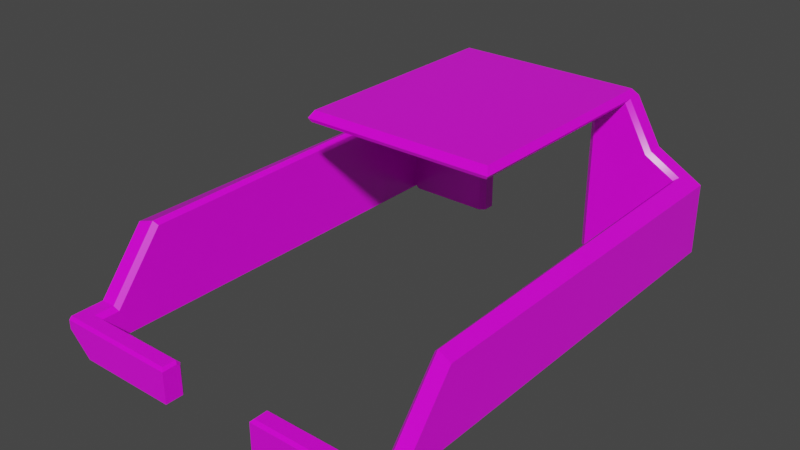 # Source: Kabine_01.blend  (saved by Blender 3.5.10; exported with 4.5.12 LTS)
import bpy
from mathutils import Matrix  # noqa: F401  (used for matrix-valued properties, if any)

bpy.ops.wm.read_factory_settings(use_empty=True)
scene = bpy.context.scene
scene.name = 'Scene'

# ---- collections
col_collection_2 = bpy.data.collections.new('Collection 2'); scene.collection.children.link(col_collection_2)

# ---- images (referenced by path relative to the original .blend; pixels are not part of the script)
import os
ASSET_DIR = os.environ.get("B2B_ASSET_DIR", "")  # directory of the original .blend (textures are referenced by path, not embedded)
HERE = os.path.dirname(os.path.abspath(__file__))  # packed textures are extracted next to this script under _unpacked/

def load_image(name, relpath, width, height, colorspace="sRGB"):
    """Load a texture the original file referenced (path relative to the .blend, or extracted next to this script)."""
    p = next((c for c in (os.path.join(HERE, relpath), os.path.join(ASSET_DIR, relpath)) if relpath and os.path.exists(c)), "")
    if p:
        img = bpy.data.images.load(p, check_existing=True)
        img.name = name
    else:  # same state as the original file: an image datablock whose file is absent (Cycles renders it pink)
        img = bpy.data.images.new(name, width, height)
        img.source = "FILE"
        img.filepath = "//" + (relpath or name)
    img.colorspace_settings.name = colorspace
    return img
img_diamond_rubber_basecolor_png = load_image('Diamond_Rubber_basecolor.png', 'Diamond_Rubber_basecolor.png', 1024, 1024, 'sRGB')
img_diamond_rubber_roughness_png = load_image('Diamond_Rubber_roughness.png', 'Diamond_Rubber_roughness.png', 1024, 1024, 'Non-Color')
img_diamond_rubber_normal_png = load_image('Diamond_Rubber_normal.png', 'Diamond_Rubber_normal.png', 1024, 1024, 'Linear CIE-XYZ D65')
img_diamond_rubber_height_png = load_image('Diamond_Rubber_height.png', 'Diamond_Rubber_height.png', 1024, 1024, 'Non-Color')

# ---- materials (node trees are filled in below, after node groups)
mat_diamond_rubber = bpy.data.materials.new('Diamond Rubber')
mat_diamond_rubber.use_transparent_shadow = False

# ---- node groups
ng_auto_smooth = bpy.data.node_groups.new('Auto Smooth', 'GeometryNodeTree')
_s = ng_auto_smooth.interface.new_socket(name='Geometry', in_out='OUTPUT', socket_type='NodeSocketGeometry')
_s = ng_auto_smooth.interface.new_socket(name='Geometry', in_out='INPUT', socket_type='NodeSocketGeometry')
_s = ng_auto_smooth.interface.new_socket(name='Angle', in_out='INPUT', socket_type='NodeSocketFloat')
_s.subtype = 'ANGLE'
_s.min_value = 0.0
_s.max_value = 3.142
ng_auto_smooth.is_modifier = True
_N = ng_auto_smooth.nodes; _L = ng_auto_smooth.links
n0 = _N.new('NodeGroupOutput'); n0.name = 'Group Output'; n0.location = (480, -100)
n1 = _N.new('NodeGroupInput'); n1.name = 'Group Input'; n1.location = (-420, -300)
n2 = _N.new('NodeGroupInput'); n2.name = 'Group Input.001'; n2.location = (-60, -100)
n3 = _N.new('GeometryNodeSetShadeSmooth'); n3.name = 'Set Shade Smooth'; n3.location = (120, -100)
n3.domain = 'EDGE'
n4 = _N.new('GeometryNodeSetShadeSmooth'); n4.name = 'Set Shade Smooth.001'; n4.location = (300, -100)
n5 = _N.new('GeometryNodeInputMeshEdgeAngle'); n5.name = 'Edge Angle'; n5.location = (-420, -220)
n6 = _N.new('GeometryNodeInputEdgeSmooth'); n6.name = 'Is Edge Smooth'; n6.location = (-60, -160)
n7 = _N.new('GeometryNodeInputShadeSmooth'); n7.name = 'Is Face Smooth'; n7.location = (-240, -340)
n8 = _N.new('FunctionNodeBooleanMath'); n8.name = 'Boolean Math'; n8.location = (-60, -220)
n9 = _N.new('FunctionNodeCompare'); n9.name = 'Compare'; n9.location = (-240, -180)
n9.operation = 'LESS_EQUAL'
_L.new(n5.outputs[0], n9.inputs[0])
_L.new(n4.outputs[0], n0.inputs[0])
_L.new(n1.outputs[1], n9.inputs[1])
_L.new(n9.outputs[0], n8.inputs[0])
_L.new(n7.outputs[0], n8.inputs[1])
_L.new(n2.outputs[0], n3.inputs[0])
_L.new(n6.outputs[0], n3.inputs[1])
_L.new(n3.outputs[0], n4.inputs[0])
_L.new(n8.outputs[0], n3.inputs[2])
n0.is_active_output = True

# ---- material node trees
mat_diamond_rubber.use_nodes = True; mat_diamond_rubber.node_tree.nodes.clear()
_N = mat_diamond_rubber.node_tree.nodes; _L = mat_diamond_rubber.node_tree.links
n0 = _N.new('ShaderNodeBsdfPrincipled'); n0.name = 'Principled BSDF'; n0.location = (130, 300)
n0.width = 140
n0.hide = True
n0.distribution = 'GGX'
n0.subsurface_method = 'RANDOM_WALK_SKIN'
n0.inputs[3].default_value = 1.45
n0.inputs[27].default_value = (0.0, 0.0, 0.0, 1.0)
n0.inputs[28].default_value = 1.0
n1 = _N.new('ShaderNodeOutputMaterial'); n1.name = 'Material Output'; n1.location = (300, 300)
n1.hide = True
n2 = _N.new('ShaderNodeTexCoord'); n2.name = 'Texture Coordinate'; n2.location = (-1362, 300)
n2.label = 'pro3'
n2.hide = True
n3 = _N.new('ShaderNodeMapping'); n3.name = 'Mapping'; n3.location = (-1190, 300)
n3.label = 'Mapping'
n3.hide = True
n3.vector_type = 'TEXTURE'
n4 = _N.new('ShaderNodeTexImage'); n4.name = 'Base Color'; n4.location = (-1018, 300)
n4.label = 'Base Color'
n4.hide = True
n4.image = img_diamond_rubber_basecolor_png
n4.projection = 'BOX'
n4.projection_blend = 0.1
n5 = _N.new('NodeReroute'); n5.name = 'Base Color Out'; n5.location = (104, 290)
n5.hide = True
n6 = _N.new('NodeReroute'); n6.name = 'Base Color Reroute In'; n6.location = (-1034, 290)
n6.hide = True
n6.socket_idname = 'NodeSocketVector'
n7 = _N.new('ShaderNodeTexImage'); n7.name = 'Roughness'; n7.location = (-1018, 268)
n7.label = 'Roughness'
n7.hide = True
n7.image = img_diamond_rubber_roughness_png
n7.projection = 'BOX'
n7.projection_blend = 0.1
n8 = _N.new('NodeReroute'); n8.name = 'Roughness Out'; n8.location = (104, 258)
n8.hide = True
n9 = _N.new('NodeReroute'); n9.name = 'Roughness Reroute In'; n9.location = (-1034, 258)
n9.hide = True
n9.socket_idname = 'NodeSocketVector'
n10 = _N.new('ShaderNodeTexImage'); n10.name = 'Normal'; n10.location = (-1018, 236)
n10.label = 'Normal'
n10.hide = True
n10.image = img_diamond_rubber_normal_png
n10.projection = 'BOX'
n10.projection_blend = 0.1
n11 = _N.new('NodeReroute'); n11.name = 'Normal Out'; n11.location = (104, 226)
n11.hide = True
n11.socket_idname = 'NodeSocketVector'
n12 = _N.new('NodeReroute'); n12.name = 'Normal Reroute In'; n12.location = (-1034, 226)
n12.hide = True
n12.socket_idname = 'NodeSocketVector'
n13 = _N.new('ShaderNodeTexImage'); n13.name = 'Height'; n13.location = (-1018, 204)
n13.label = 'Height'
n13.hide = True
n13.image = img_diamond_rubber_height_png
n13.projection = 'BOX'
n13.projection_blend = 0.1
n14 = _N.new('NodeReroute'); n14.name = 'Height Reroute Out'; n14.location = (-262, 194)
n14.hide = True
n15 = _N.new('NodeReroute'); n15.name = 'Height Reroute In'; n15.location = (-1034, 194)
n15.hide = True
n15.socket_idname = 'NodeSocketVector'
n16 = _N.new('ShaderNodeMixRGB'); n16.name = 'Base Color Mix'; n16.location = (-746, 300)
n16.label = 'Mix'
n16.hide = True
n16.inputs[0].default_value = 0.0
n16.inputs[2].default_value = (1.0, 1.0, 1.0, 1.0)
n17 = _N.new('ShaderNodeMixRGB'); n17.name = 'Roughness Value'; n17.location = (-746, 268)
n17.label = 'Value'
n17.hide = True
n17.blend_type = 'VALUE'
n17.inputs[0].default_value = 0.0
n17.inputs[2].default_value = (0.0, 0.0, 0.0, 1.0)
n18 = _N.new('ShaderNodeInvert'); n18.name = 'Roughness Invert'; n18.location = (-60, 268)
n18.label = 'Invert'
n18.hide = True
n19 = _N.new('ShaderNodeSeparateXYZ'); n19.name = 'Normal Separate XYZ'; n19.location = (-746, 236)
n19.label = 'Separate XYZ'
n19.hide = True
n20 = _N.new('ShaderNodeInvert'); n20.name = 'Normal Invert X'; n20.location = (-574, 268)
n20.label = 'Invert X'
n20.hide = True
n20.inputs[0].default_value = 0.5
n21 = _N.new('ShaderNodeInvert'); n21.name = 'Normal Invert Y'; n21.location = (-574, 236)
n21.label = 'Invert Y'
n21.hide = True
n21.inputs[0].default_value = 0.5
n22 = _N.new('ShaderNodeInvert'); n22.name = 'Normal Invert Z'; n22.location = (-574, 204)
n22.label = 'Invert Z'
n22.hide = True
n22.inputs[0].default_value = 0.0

━━━━━━━━━━━━━━━━

■ Try it: Only the number is needed here: how many lines of the listing include "import"?

■ Solved exercise: 3